=== What needs to be done ===
An exact, complete copy of the entries below is required, minus any pictures.

=== Exercise inputs ===

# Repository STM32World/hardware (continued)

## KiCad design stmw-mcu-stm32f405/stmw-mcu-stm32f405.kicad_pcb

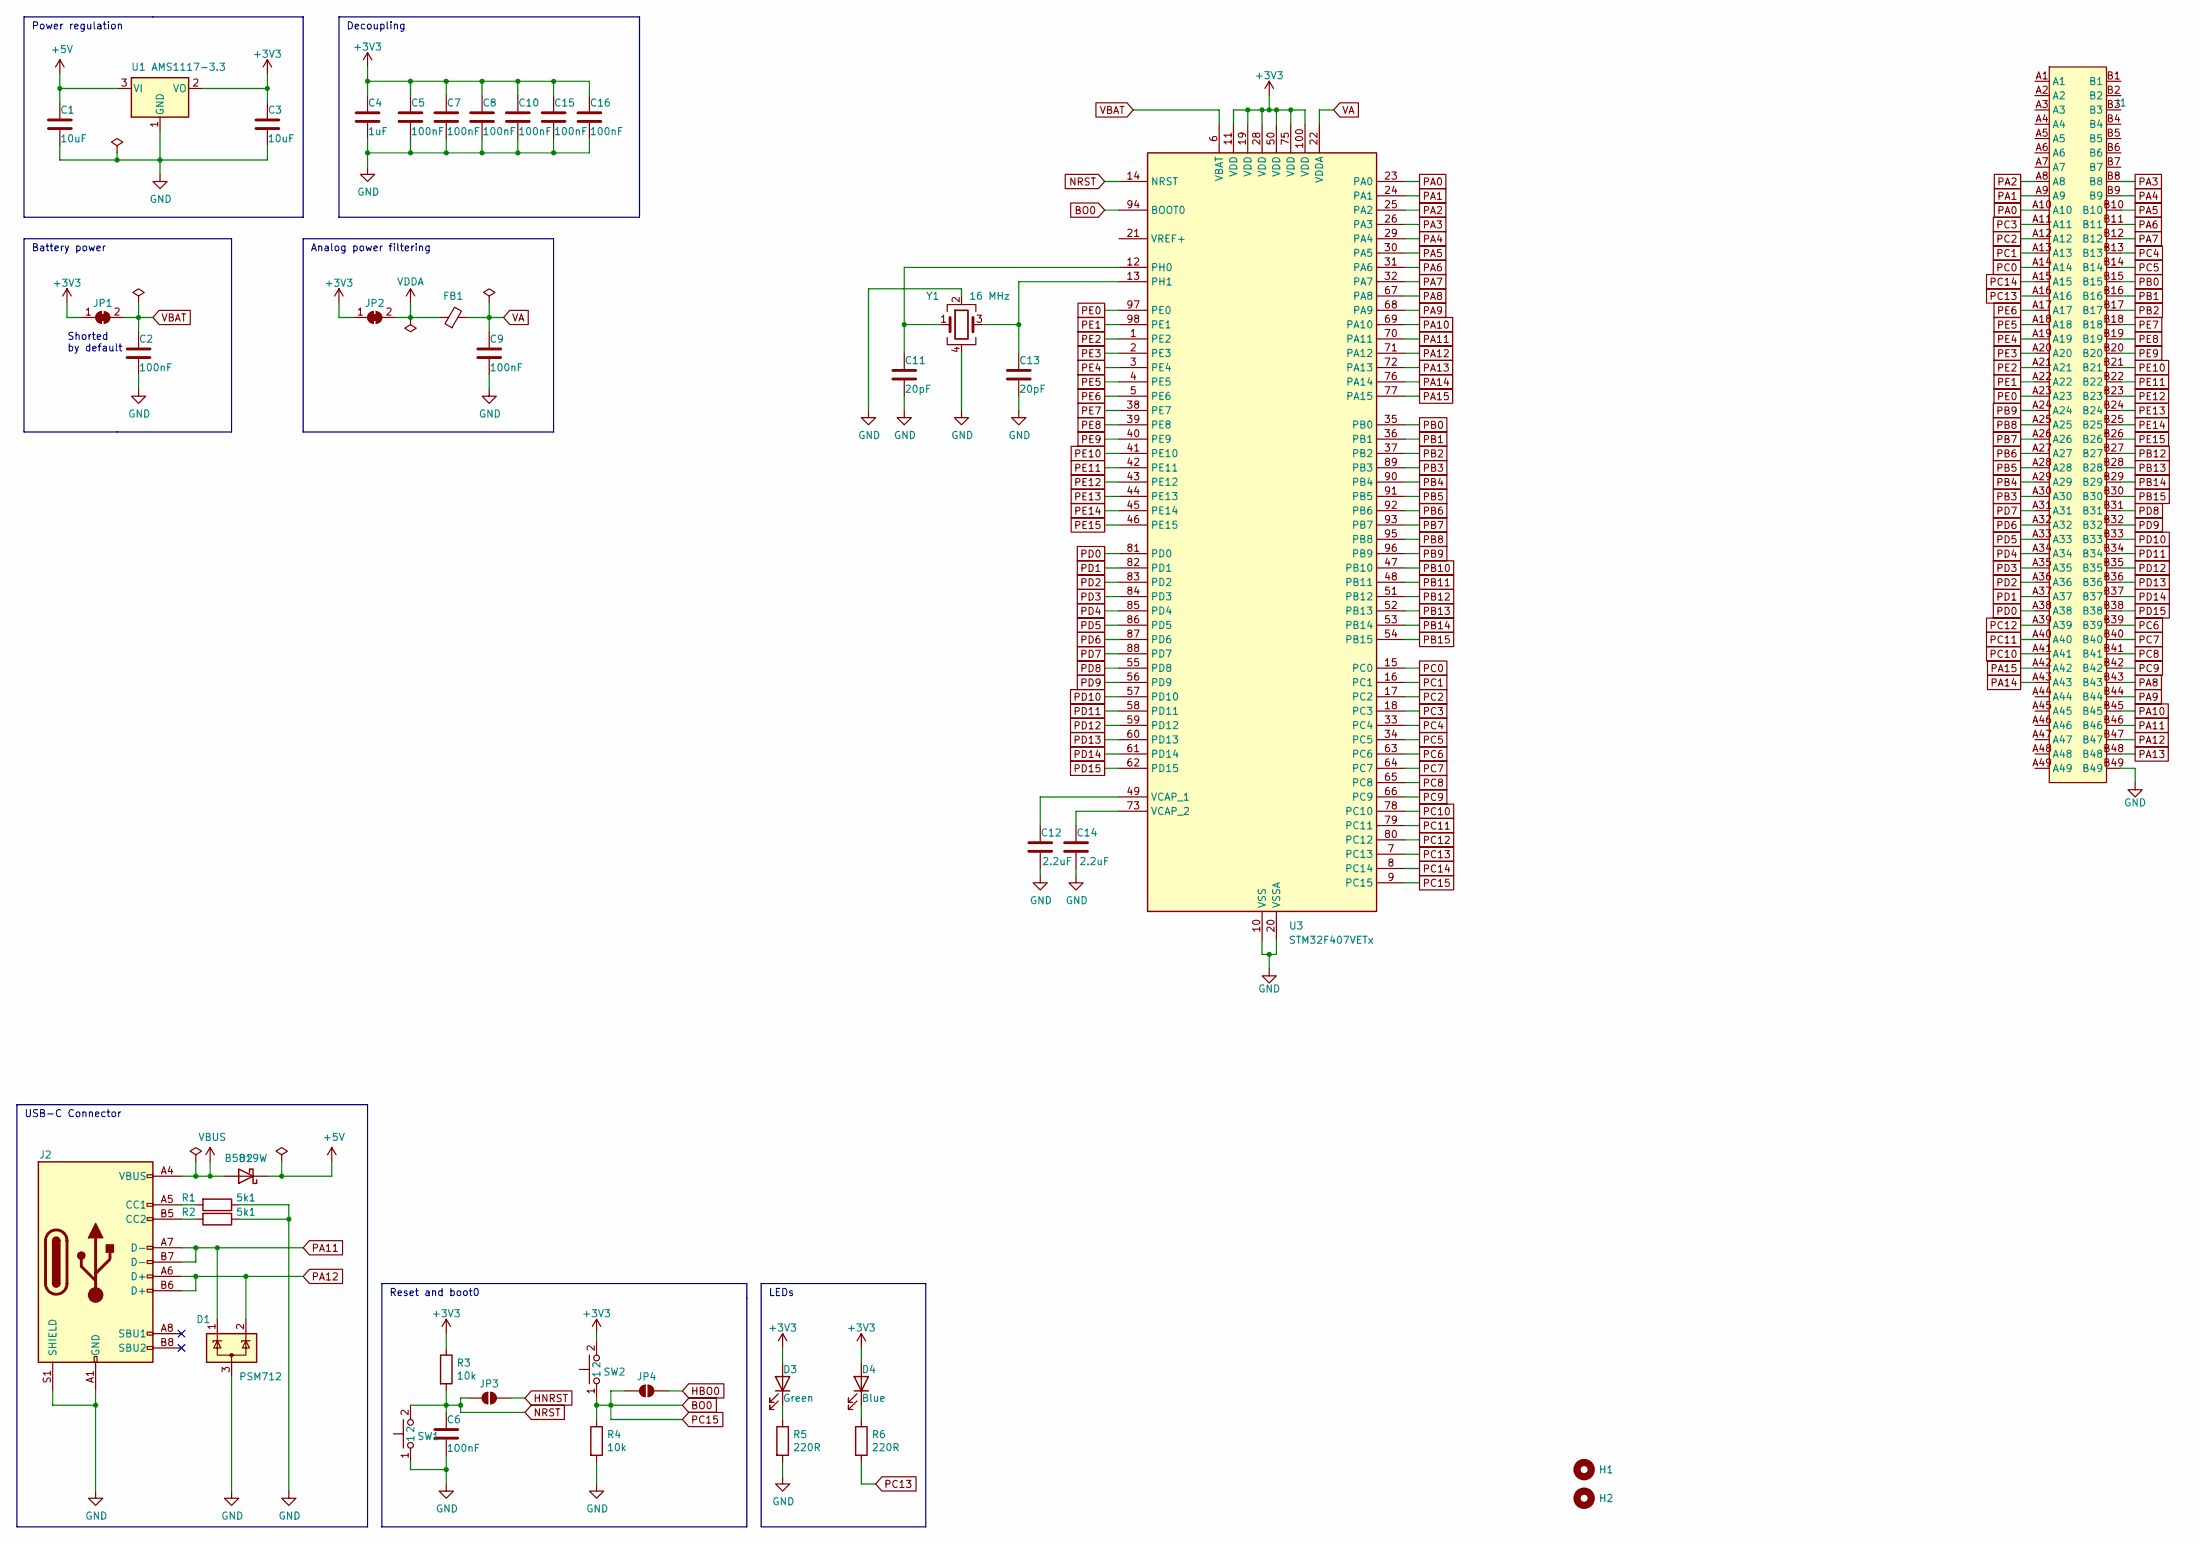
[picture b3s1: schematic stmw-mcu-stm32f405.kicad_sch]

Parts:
C1, C3: C_10UF_0805; C_0805_2012Metric; LCSC C15850
C2, C5, C6, C7, C8, C9, C10, C15, C16: C_100NF_0603; C_0603_1608Metric; LCSC C14663
C4: C_1UF_0603; C_0603_1608Metric; LCSC C15849
C11, C13: C_20PF_0603; C_0603_1608Metric; LCSC C1648
C12, C14: 2.2uF; C_0603_1608Metric; LCSC C23630
D1: PSM712; SOT-23; LCSC C32677
D2: B5819W; D_SOD-123; LCSC C8598
D3: LED_GREEN_0603; LED_0603_1608Metric; LCSC C19171301
D4: LED_BLUE_0603; LED_0603_1608Metric; LCSC C2288
FB1: FB_0603; L_0603_1608Metric; LCSC C1002
H1, H2: MountingHole; MountingHole_2.2mm_M2
J1: STMW_Board
J2: TYPE-C-31-M-12; USB_C_Receptacle_HRO_TYPE-C-31-M-12; LCSC C165948
JP1, JP2: SolderJumper_2_Bridged; SolderJumper-2_P1.3mm_Bridged_RoundedPad1.0x1.5mm
JP3, JP4: SolderJumper_2_Open; SolderJumper-2_P1.3mm_Open_RoundedPad1.0x1.5mm
R1, R2: R_5.1K_0603; R_0603_1608Metric; LCSC C23186
R3, R4: R_10K_0603; R_0603_1608Metric; LCSC C25804
R5, R6: R_220_0603; R_0603_1608Metric; LCSC C22962
SW1, SW2: TS-1088R-02526; LCSC C455281
U1: AMS1117-3.3; SOT-223-3_TabPin2; LCSC C6186
U3: STM32F407VETx; LQFP-100_14x14mm_P0.5mm; LCSC C28730
Y1: X_16MHZ; Crystal_SMD_3225-4Pin_3.2x2.5mm; LCSC C13738

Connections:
+3V3: C3.1, C4.1, C5.1, C7.1, C8.1, C10.1, C15.1, C16.1, D3.2 (A), D4.2 (A), JP1.1 (A), JP2.1 (A), R3.1, SW2.2, U1.2 (VO), U3.11 (VDD), U3.19 (VDD), U3.28 (VDD), U3.50 (VDD), U3.75 (VDD), U3.100 (VDD)
+5V: C1.1, D2.1 (K), U1.3 (VI)
BO0: JP4.1 (A), R4.1, SW2.1, U3.9 (PC15), U3.94 (BOOT0)
GND: C1.2, C2.2, C3.2, C4.2, C5.2, C6.2, C7.2, C8.2, C9.2, C10.2, C11.2, C12.2, C13.2, C14.2, C15.2, C16.2, D1.3 (A), J1.B49, J2.A1 (GND), J2.A12 (GND), J2.B1 (GND), J2.B12 (GND), J2.S1 (SHIELD), R1.1, R2.1, R4.2, R5.2, SW1.1, U1.1 (GND), U3.10 (VSS), U3.20 (VSSA), U3.27 (VSS), U3.74 (VSS), U3.99 (VSS), Y1.2, Y1.4
HBO0: JP4.2 (B)
HNRST: JP3.2 (B)
NRST: C6.1, JP3.1 (A), R3.2, SW1.2, U3.14 (NRST)
unnamed: D3.1 (K), R5.1
unnamed: D4.1 (K), R6.1
unnamed: J2.A5 (CC1), R1.2
unnamed: J2.B5 (CC2), R2.2
unnamed: C11.1, U3.12 (PH0), Y1.1
unnamed: C13.1, U3.13 (PH1), Y1.3
unnamed: C12.1, U3.49 (VCAP_1)
unnamed: C14.1, U3.73 (VCAP_2)
PA0: J1.A10, U3.23 (PA0)
PA1: J1.A9, U3.24 (PA1)
PA2: J1.A8, U3.25 (PA2)
PA3: J1.B8, U3.26 (PA3)
PA4: J1.B9, U3.29 (PA4)
PA5: J1.B10, U3.30 (PA5)
PA6: J1.B11, U3.31 (PA6)
PA7: J1.B12, U3.32 (PA7)
PA8: J1.B43, U3.67 (PA8)
PA9: J1.B44, U3.68 (PA9)
PA10: J1.B45, U3.69 (PA10)
PA11: D1.1 (K), J1.B46, J2.A7 (D-), J2.B7 (D-), U3.70 (PA11)
PA12: D1.2 (K), J1.B47, J2.A6 (D+), J2.B6 (D+), U3.71 (PA12)
PA13: J1.B48, U3.72 (PA13)
PA14: J1.A43, U3.76 (PA14)
PA15: J1.A42, U3.77 (PA15)
PB0: J1.B15, U3.35 (PB0)
PB1: J1.B16, U3.36 (PB1)
PB2: J1.B17, U3.37 (PB2)
PB3: J1.A30, U3.89 (PB3)
PB4: J1.A29, U3.90 (PB4)
PB5: J1.A28, U3.91 (PB5)
PB6: J1.A27, U3.92 (PB6)
PB7: J1.A26, U3.93 (PB7)
PB8: J1.A25, U3.95 (PB8)
PB9: J1.A24, U3.96 (PB9)
PB10: U3.47 (PB10)
PB11: U3.48 (PB11)
PB12: J1.B27, U3.51 (PB12)
PB13: J1.B28, U3.52 (PB13)
PB14: J1.B29, U3.53 (PB14)
PB15: J1.B30, U3.54 (PB15)
PC0: J1.A14, U3.15 (PC0)
PC1: J1.A13, U3.16 (PC1)
PC2: J1.A12, U3.17 (PC2)
PC3: J1.A11, U3.18 (PC3)
PC4: J1.B13, U3.33 (PC4)
PC5: J1.B14, U3.34 (PC5)
PC6: J1.B39, U3.63 (PC6)
PC7: J1.B40, U3.64 (PC7)
PC8: J1.B41, U3.65 (PC8)
PC9: J1.B42, U3.66 (PC9)
PC10: J1.A41, U3.78 (PC10)
PC11: J1.A40, U3.79 (PC11)
PC12: J1.A39, U3.80 (PC12)
PC13: J1.A16, R6.2, U3.7 (PC13)
PC14: J1.A15, U3.8 (PC14)
PD0: J1.A38, U3.81 (PD0)
PD1: J1.A37, U3.82 (PD1)
PD2: J1.A36, U3.83 (PD2)
PD3: J1.A35, U3.84 (PD3)
PD4: J1.A34, U3.85 (PD4)
PD5: J1.A33, U3.86 (PD5)
PD6: J1.A32, U3.87 (PD6)
PD7: J1.A31, U3.88 (PD7)
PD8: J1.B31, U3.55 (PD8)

=== Your solution ===
# Repository STM32World/hardware (continued)

## KiCad design stmw-mcu-stm32f405/stmw-mcu-stm32f405.kicad_pcb

[picture b3s1: schematic stmw-mcu-stm32f405.kicad_sch]

Parts:
C1, C3: C_10UF_0805; C_0805_2012Metric; LCSC C15850
C2, C5, C6, C7, C8, C9, C10, C15, C16: C_100NF_0603; C_0603_1608Metric; LCSC C14663
C4: C_1UF_0603; C_0603_1608Metric; LCSC C15849
C11, C13: C_20PF_0603; C_0603_1608Metric; LCSC C1648
C12, C14: 2.2uF; C_0603_1608Metric; LCSC C23630
D1: PSM712; SOT-23; LCSC C32677
D2: B5819W; D_SOD-123; LCSC C8598
D3: LED_GREEN_0603; LED_0603_1608Metric; LCSC C19171301
D4: LED_BLUE_0603; LED_0603_1608Metric; LCSC C2288
FB1: FB_0603; L_0603_1608Metric; LCSC C1002
H1, H2: MountingHole; MountingHole_2.2mm_M2
J1: STMW_Board
J2: TYPE-C-31-M-12; USB_C_Receptacle_HRO_TYPE-C-31-M-12; LCSC C165948
JP1, JP2: SolderJumper_2_Bridged; SolderJumper-2_P1.3mm_Bridged_RoundedPad1.0x1.5mm
JP3, JP4: SolderJumper_2_Open; SolderJumper-2_P1.3mm_Open_RoundedPad1.0x1.5mm
R1, R2: R_5.1K_0603; R_0603_1608Metric; LCSC C23186
R3, R4: R_10K_0603; R_0603_1608Metric; LCSC C25804
R5, R6: R_220_0603; R_0603_1608Metric; LCSC C22962
SW1, SW2: TS-1088R-02526; LCSC C455281
U1: AMS1117-3.3; SOT-223-3_TabPin2; LCSC C6186
U3: STM32F407VETx; LQFP-100_14x14mm_P0.5mm; LCSC C28730
Y1: X_16MHZ; Crystal_SMD_3225-4Pin_3.2x2.5mm; LCSC C13738

Connections:
+3V3: C3.1, C4.1, C5.1, C7.1, C8.1, C10.1, C15.1, C16.1, D3.2 (A), D4.2 (A), JP1.1 (A), JP2.1 (A), R3.1, SW2.2, U1.2 (VO), U3.11 (VDD), U3.19 (VDD), U3.28 (VDD), U3.50 (VDD), U3.75 (VDD), U3.100 (VDD)
+5V: C1.1, D2.1 (K), U1.3 (VI)
BO0: JP4.1 (A), R4.1, SW2.1, U3.9 (PC15), U3.94 (BOOT0)
GND: C1.2, C2.2, C3.2, C4.2, C5.2, C6.2, C7.2, C8.2, C9.2, C10.2, C11.2, C12.2, C13.2, C14.2, C15.2, C16.2, D1.3 (A), J1.B49, J2.A1 (GND), J2.A12 (GND), J2.B1 (GND), J2.B12 (GND), J2.S1 (SHIELD), R1.1, R2.1, R4.2, R5.2, SW1.1, U1.1 (GND), U3.10 (VSS), U3.20 (VSSA), U3.27 (VSS), U3.74 (VSS), U3.99 (VSS), Y1.2, Y1.4
HBO0: JP4.2 (B)
HNRST: JP3.2 (B)
NRST: C6.1, JP3.1 (A), R3.2, SW1.2, U3.14 (NRST)
unnamed: D3.1 (K), R5.1
unnamed: D4.1 (K), R6.1
unnamed: J2.A5 (CC1), R1.2
unnamed: J2.B5 (CC2), R2.2
unnamed: C11.1, U3.12 (PH0), Y1.1
unnamed: C13.1, U3.13 (PH1), Y1.3
unnamed: C12.1, U3.49 (VCAP_1)
unnamed: C14.1, U3.73 (VCAP_2)
PA0: J1.A10, U3.23 (PA0)
PA1: J1.A9, U3.24 (PA1)
PA2: J1.A8, U3.25 (PA2)
PA3: J1.B8, U3.26 (PA3)
PA4: J1.B9, U3.29 (PA4)
PA5: J1.B10, U3.30 (PA5)
PA6: J1.B11, U3.31 (PA6)
PA7: J1.B12, U3.32 (PA7)
PA8: J1.B43, U3.67 (PA8)
PA9: J1.B44, U3.68 (PA9)
PA10: J1.B45, U3.69 (PA10)
PA11: D1.1 (K), J1.B46, J2.A7 (D-), J2.B7 (D-), U3.70 (PA11)
PA12: D1.2 (K), J1.B47, J2.A6 (D+), J2.B6 (D+), U3.71 (PA12)
PA13: J1.B48, U3.72 (PA13)
PA14: J1.A43, U3.76 (PA14)
PA15: J1.A42, U3.77 (PA15)
PB0: J1.B15, U3.35 (PB0)
PB1: J1.B16, U3.36 (PB1)
PB2: J1.B17, U3.37 (PB2)
PB3: J1.A30, U3.89 (PB3)
PB4: J1.A29, U3.90 (PB4)
PB5: J1.A28, U3.91 (PB5)
PB6: J1.A27, U3.92 (PB6)
PB7: J1.A26, U3.93 (PB7)
PB8: J1.A25, U3.95 (PB8)
PB9: J1.A24, U3.96 (PB9)
PB10: U3.47 (PB10)
PB11: U3.48 (PB11)
PB12: J1.B27, U3.51 (PB12)
PB13: J1.B28, U3.52 (PB13)
PB14: J1.B29, U3.53 (PB14)
PB15: J1.B30, U3.54 (PB15)
PC0: J1.A14, U3.15 (PC0)
PC1: J1.A13, U3.16 (PC1)
PC2: J1.A12, U3.17 (PC2)
PC3: J1.A11, U3.18 (PC3)
PC4: J1.B13, U3.33 (PC4)
PC5: J1.B14, U3.34 (PC5)
PC6: J1.B39, U3.63 (PC6)
PC7: J1.B40, U3.64 (PC7)
PC8: J1.B41, U3.65 (PC8)
PC9: J1.B42, U3.66 (PC9)
PC10: J1.A41, U3.78 (PC10)
PC11: J1.A40, U3.79 (PC11)
PC12: J1.A39, U3.80 (PC12)
PC13: J1.A16, R6.2, U3.7 (PC13)
PC14: J1.A15, U3.8 (PC14)
PD0: J1.A38, U3.81 (PD0)
PD1: J1.A37, U3.82 (PD1)
PD2: J1.A36, U3.83 (PD2)
PD3: J1.A35, U3.84 (PD3)
PD4: J1.A34, U3.85 (PD4)
PD5: J1.A33, U3.86 (PD5)
PD6: J1.A32, U3.87 (PD6)
PD7: J1.A31, U3.88 (PD7)
PD8: J1.B31, U3.55 (PD8)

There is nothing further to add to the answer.